(Exercise input begins)
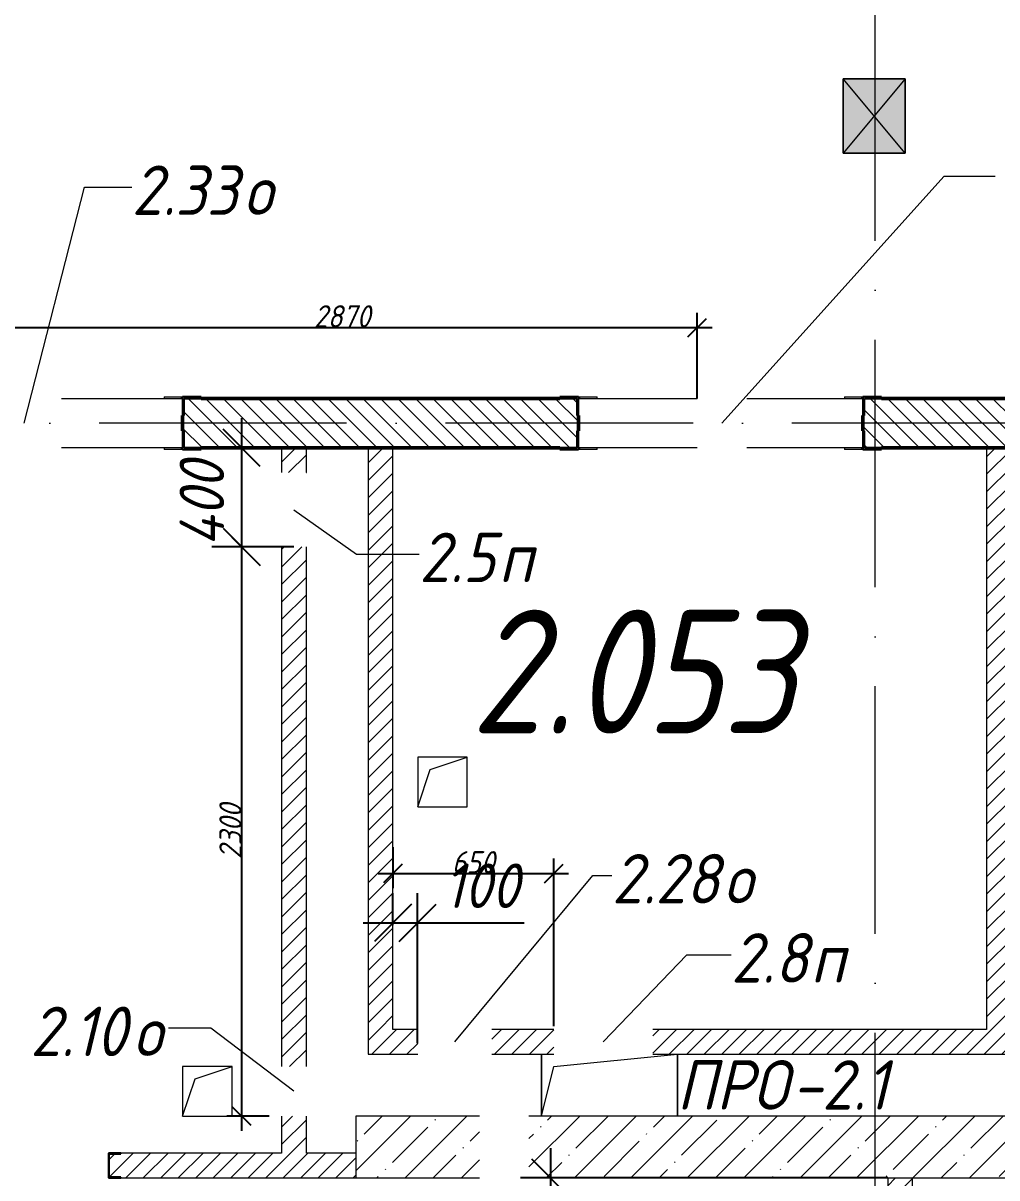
# Model space of a CAD drawing. Header units: millimetres. Extents: x -537608 to 253996, y -217170 to 186033.
# Drawn here: x -178243 to -174306, y -53807 to -49141 of the extents above; entities that cross this region are included whole.
import ezdxf

# ---------------------------------------------------------------- set-up
doc = ezdxf.new("R2010")
doc.units = ezdxf.units.MM
doc.linetypes.add('50_200_ШТРИХ_1Т_ш5_п1_п1_', pattern=[1400, 1000, -200, 0, -200])
for name, color, linetype, lineweight in [('A-____-____-DIMS', 7, 'Continuous', 9), ('A-DETL-GENF-OTLN', 7, 'Continuous', 9), ('A-FLOR-____-OTLN', 7, 'Continuous', 9), ('A-GENM-____-IDEN', 7, 'Continuous', 9), ('A-GENM-____-MCUT', 7, 'Continuous', 25), ('A-GENM-____-OTLN', 7, 'Continuous', 9), ('A-GENM-____-OTLN-1', 7, 'Continuous', 25), ('A-GLAZ-____-IDEN', 7, 'Continuous', 9), ('A-GLAZ-____-OTLN', 7, 'Continuous', 9), ('A-WALL-____-MCUT-1', 7, 'Continuous', 9), ('A-WALL-____-MCUT-2', 7, 'Continuous', 50), ('A-WALL-____-PATT-1', 7, 'Continuous', 9), ('A-WALL-FNSH-MCUT-1', 7, 'Continuous', 9), ('I-WALL-____-OTLN', 7, 'Continuous', 9), ('S-GRID-____-OTLN-1', 7, '50_200_ШТРИХ_1Т_ш5_п1_п1_', 9), ('Марки помещений', 7, 'Continuous', 9)]:
    doc.layers.add(name, color=color, linetype=linetype, lineweight=lineweight)
doc.layers.add('A-GLAZ-____-OTLN-1', color=7, linetype='Continuous', lineweight=9, true_color=0xc0c0c0)
doc.styles.add('ISOCPEUR_I_10', font='isocpeui.ttf', dxfattribs={"width": 0.9, "height": 180})
doc.styles.add('ISOCPEUR_I_3', font='isocpeui.ttf', dxfattribs={"width": 0.85, "height": 2.2})
doc.styles.add('ISOCPEUR_I_7', font='isocpeui.ttf', dxfattribs={"width": 0.9, "height": 90})
doc.styles.add('ISOCPEUR_I_9', font='isocpeui.ttf', dxfattribs={"width": 0.9, "height": 250})
doc.dimstyles.new('ISO-1_8_0_9К_СРЕДНИЙ_Кладочные_2', dxfattribs={"dimscale": 304.8, "dimtxt": 89.638306, "dimasz": 0.246063, "dimexe": 0.19685, "dimexo": 0, "dimgap": 0, "dimtad": 1, "dimdec": 3, "dimrnd": 0.001, "dimdsep": 46, "dimtxsty": 'ISOCPEUR_I_7', "dimblk1": 'OBLIQUE', "dimblk2": 'OBLIQUE', "dimsah": 1, "dimcen": 0.09, "dimdle": 0.19685, "dimazin": 0, "dimtfac": 1, "dimtdec": 4, "dimtix": 1, "dimtmove": 1, "dimatfit": 3, "dimfxl": 1, "dimtvp": 1, "dimtolj": 1, "dimtzin": 0, "dimarcsym": 2})
doc.dimstyles.new('ISO-1_8_0_9К_СРЕДНИЙ_Кладочные_3', dxfattribs={"dimscale": 304.8, "dimtxt": 179.276612, "dimasz": 0.492126, "dimexe": 0.393701, "dimexo": 0, "dimgap": 0, "dimtad": 1, "dimdec": 3, "dimrnd": 0.001, "dimdsep": 46, "dimtxsty": 'ISOCPEUR_I_10', "dimblk1": 'OBLIQUE', "dimblk2": 'OBLIQUE', "dimsah": 1, "dimcen": 0.09, "dimdle": 0.393701, "dimazin": 0, "dimtfac": 1, "dimtdec": 4, "dimtix": 1, "dimtmove": 0, "dimatfit": 3, "dimfxl": 1, "dimtvp": 1, "dimtolj": 1, "dimtzin": 0, "dimarcsym": 2})
doc.dimstyles.new('ISO-1_8_0_9К_СРЕДНИЙ_Кладочные_4', dxfattribs={"dimscale": 304.8, "dimtxt": 179.276612, "dimasz": 0.492126, "dimexe": 0.393701, "dimexo": 0, "dimgap": 0, "dimtad": 1, "dimdec": 3, "dimrnd": 0.001, "dimdsep": 46, "dimtxsty": 'ISOCPEUR_I_10', "dimblk1": 'OBLIQUE', "dimblk2": 'OBLIQUE', "dimsah": 1, "dimcen": 0.09, "dimdle": 0.393701, "dimazin": 0, "dimtfac": 1, "dimtdec": 4, "dimtix": 1, "dimtmove": 1, "dimatfit": 3, "dimfxl": 1, "dimtvp": 1, "dimtolj": 1, "dimtzin": 0, "dimarcsym": 2})
pattern_1 = [(45, (-184647.673, -56738.29), (-35.35534, 35.35534), [])]

# ---------------------------------------------------------------- blocks, each defined once
blk = doc.blocks.new('154_Стойка_СКБ_Уголок - СМ-2180_200-28268025-АР1_План отверстий 2 этажа в осях 1-64_А-ГГ')
at = {"layer": 'A-GENM-____-MCUT'}
for p, q in [((125, 156), (125, 81)), ((200, 156), (125, 156)), ((131, 81), (131, 150)), ((131, 150), (200, 150)), ((200, 150), (200, 156)), ((125, 81), (131, 81)), ((131, 19), (125, 19)), ((125, 19), (125, -56)), ((131, -50), (131, 19)), ((125, -56), (200, -56)), ((200, -50), (131, -50)), ((200, -56), (200, -50))]:
    blk.add_line(p, q, dxfattribs=at)
blk = doc.blocks.new('Стойка_Влож_Уголок_Опорный - Уголок-28213941-АР1_План отверстий 2 этажа в осях 1-64_А-ГГ')
at = {"layer": 'A-GENM-____-OTLN'}
for p, q in [((-212, -6), (-212, 0)), ((0, 0), (0, -6)), ((-212, -75), (-212, -6)), ((-212, -6), (-206, -6)), ((-6, -6), (0, -6)), ((0, -6), (0, -75)), ((-212, -75), (-206, -75)), ((-6, -75), (0, -75))]:
    blk.add_line(p, q, dxfattribs=at)
blk = doc.blocks.new('154_Фахверк_СКБ_Швеллер - Тип_100_3960-28331862-АР1_План отверстий 2 этажа в осях 1-64_А-ГГ')
at = {"layer": 'A-GENM-____-MCUT'}
for p, q in [((175, 50), (125, 50)), ((125, 50), (125, -50)), ((128, 47), (175, 47)), ((128, -47), (128, 47)), ((175, 47), (175, 50)), ((125, -50), (175, -50)), ((175, -47), (128, -47)), ((175, -50), (175, -47))]:
    blk.add_line(p, q, dxfattribs=at)
blk = doc.blocks.new('AR_Отверстие прямоугольное _в плите_ - AR_Отверстие прямоугольное _в плите_-30459209-АР1_План отверстий 2 этажа в осях 1-64_А-ГГ')
at = {"layer": 'A-GENM-____-OTLN'}
for p, q in [((-275, 125), (-275, -125)), ((-225, 75), (275, 125)), ((275, -125), (275, 125)), ((-275, -125), (-225, 75))]:
    blk.add_line(p, q, dxfattribs=at)
blk = doc.blocks.new('AR_Отверстие прямоугольное _в плите_ - AR_Отверстие прямоугольное _в плите_-30459207-АР1_План отверстий 2 этажа в осях 1-64_А-ГГ')
at = {"layer": 'A-GENM-____-OTLN'}
for p, q in [((100, 100), (-100, 100)), ((-100, 100), (-100, -100)), ((-50, 50), (100, 100)), ((100, -100), (100, 100)), ((-100, -100), (-50, 50)), ((-100, -100), (100, -100))]:
    blk.add_line(p, q, dxfattribs=at)
blk = doc.blocks.new('AR_Отверстие прямоугольное _в стене__БезПР - AR_Отверстие прямоугольное _в стене__БезПР-30460031-АР1_План отверстий 2 этажа в осях 1-64_А-ГГ')
at = {"layer": 'A-GLAZ-____-OTLN-1'}
blk.add_hatch(color=256, dxfattribs=at).paths.add_polyline_path([(150, 125), (-150, 125), (-150, -125), (150, -125)], flags=0)
at = {"layer": 'A-DETL-GENF-OTLN'}
for p, q in [((-150, -125), (-150, 125)), ((-150, 125), (150, 125)), ((150, 125), (-150, -125)), ((-150, 125), (150, -125)), ((150, 125), (-150, 125)), ((-150, 125), (-150, -125)), ((150, 125), (150, -125)), ((150, -125), (150, 125)), ((150, -125), (-150, -125)), ((-150, -125), (150, -125))]:
    blk.add_line(p, q, dxfattribs=at)
at = {"layer": 'A-GLAZ-____-OTLN'}
blk.add_line((150, 125), (-150, 125), dxfattribs=at)
blk = doc.blocks.new('_Oblique')
at = {"color": 0, "linetype": 'ByBlock', "lineweight": -2}
blk.add_line((-0.5, -0.5), (0.5, 0.5), dxfattribs=at)
blk = doc.blocks.new('*D2378')
at = {"layer": 'A-____-____-DIMS', "color": 0, "lineweight": -2, "transparency": 16777216}
for p, q in [((-177359.4, -50737.2), (-177359.4, -51377.2)), ((-177197.7, -50857.2), (-177479.4, -50857.2)), ((-177148.6, -51257.2), (-177479.4, -51257.2))]:
    blk.add_line(p, q, dxfattribs=at)
at = {"layer": 'Defpoints', "color": 0, "transparency": 16777216}
for p in [(-177197.7, -50857.2), (-177359.4, -51257.2), (-177148.6, -51257.2)]:
    blk.add_point(p, dxfattribs=at)
at = {"layer": 'A-____-____-DIMS', "color": 0, "lineweight": -2, "transparency": 16777216, "xscale": 150, "yscale": 150, "zscale": 150}
for p, rotation in [((-177359.4, -50857.2), 90), ((-177359.4, -51257.2), 270)]:
    blk.add_blockref('_Oblique', p, dxfattribs=dict(at, rotation=rotation))
at = {"layer": 'A-____-____-DIMS', "color": 0, "transparency": 16777216, "insert": (-177610.1, -51255.3), "char_height": 180, "width": 426.127, "attachment_point": 1, "rotation": 90, "line_spacing_factor": 1.149209, "style": 'ISOCPEUR_I_10'}
blk.add_mtext('\\A1;400', dxfattribs=at)
blk = doc.blocks.new('*D2379')
at = {"layer": 'A-____-____-DIMS', "color": 0, "lineweight": -2, "transparency": 16777216}
for p, q in [((-177359.4, -51197.2), (-177359.4, -53617.2)), ((-177148.6, -51257.2), (-177419.4, -51257.2)), ((-177247.7, -53557.2), (-177419.4, -53557.2))]:
    blk.add_line(p, q, dxfattribs=at)
at = {"layer": 'Defpoints', "color": 0, "transparency": 16777216}
for p in [(-177148.6, -51257.2), (-177359.4, -53557.2), (-177247.7, -53557.2)]:
    blk.add_point(p, dxfattribs=at)
at = {"layer": 'A-____-____-DIMS', "color": 0, "lineweight": -2, "transparency": 16777216, "xscale": 75, "yscale": 75, "zscale": 75}
for p, rotation in [((-177359.4, -51257.2), 90), ((-177359.4, -53557.2), 270)]:
    blk.add_blockref('_Oblique', p, dxfattribs=dict(at, rotation=rotation))
at = {"layer": 'A-____-____-DIMS', "color": 0, "transparency": 16777216, "insert": (-177404.4, -52407.2), "char_height": 90, "width": 546.104, "attachment_point": 5, "rotation": 90, "style": 'ISOCPEUR_I_7'}
blk.add_mtext('\\A1;2300', dxfattribs=at)
blk = doc.blocks.new('*D2382')
at = {"layer": 'A-____-____-DIMS', "color": 0, "lineweight": -2, "transparency": 16777216}
for p, q in [((-176747.7, -52470.6), (-176747.7, -52636.7)), ((-176097.7, -53193.8), (-176097.7, -52516.7)), ((-176807.7, -52576.7), (-176037.7, -52576.7))]:
    blk.add_line(p, q, dxfattribs=at)
at = {"layer": 'Defpoints', "color": 0, "transparency": 16777216}
for p in [(-176747.7, -52470.6), (-176097.7, -52576.7), (-176097.7, -53193.8)]:
    blk.add_point(p, dxfattribs=at)
at = {"layer": 'A-____-____-DIMS', "color": 0, "lineweight": -2, "transparency": 16777216, "xscale": 75, "yscale": 75, "zscale": 75, "rotation": 180}
blk.add_blockref('_Oblique', (-176747.7, -52576.7), dxfattribs=at)
at = {"layer": 'A-____-____-DIMS', "color": 0, "lineweight": -2, "transparency": 16777216, "xscale": 75, "yscale": 75, "zscale": 75}
blk.add_blockref('_Oblique', (-176097.7, -52576.7), dxfattribs=at)
at = {"layer": 'A-____-____-DIMS', "color": 0, "transparency": 16777216, "insert": (-176422.7, -52531.7), "char_height": 90, "width": 409.578, "attachment_point": 5, "style": 'ISOCPEUR_I_7'}
blk.add_mtext('\\A1;650', dxfattribs=at)
blk = doc.blocks.new('*D2384')
at = {"layer": 'A-____-____-DIMS', "color": 0, "lineweight": -2, "transparency": 16777216}
for p, q in [((-176111.4, -53687.2), (-176111.4, -53957.2)), ((-174747.7, -53807.2), (-176231.4, -53807.2)), ((-174750.7, -53957.2), (-176231.4, -53957.2)), ((-176111.4, -53957.2), (-176111.4, -54160.2))]:
    blk.add_line(p, q, dxfattribs=at)
at = {"layer": 'Defpoints', "color": 0, "transparency": 16777216}
for p in [(-174747.7, -53807.2), (-176111.4, -53957.2), (-174750.7, -53957.2)]:
    blk.add_point(p, dxfattribs=at)
at = {"layer": 'A-____-____-DIMS', "color": 0, "lineweight": -2, "transparency": 16777216, "xscale": 150, "yscale": 150, "zscale": 150}
for p, rotation in [((-176111.4, -53807.2), 90), ((-176111.4, -53957.2), 270)]:
    blk.add_blockref('_Oblique', p, dxfattribs=dict(at, rotation=rotation))
at = {"layer": 'A-____-____-DIMS', "color": 0, "transparency": 16777216, "insert": (-176371.7, -54224.3), "char_height": 180, "width": 368.207, "attachment_point": 1, "rotation": 90, "line_spacing_factor": 1.149209, "style": 'ISOCPEUR_I_10'}
blk.add_mtext('\\A1;150', dxfattribs=at)
blk = doc.blocks.new('*D2395')
at = {"layer": 'A-____-____-DIMS', "color": 0, "lineweight": -2, "transparency": 16777216}
for p, q in [((-176747.7, -52785.7), (-176747.7, -52656.6)), ((-176647.7, -53262.1), (-176647.7, -52656.6)), ((-176867.7, -52776.6), (-176647.7, -52776.6)), ((-176647.7, -52776.6), (-176217.1, -52776.6))]:
    blk.add_line(p, q, dxfattribs=at)
at = {"layer": 'Defpoints', "color": 0, "transparency": 16777216}
for p in [(-176647.7, -52776.6), (-176747.7, -52785.7), (-176647.7, -53262.1)]:
    blk.add_point(p, dxfattribs=at)
at = {"layer": 'A-____-____-DIMS', "color": 0, "lineweight": -2, "transparency": 16777216, "xscale": 150, "yscale": 150, "zscale": 150, "rotation": 180}
blk.add_blockref('_Oblique', (-176747.7, -52776.6), dxfattribs=at)
at = {"layer": 'A-____-____-DIMS', "color": 0, "lineweight": -2, "transparency": 16777216, "xscale": 150, "yscale": 150, "zscale": 150}
blk.add_blockref('_Oblique', (-176647.7, -52776.6), dxfattribs=at)
at = {"layer": 'A-____-____-DIMS', "color": 0, "transparency": 16777216, "insert": (-176541.5, -52536.6), "char_height": 180, "width": 368.207, "attachment_point": 1, "line_spacing_factor": 1.149209, "style": 'ISOCPEUR_I_10'}
blk.add_mtext('\\A1;100', dxfattribs=at)
blk = doc.blocks.new('*D2454')
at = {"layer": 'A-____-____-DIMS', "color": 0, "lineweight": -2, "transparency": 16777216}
(Exercise input ends)
The answer must consist solely of the number of lines in the listing that include the string "отверстий".

6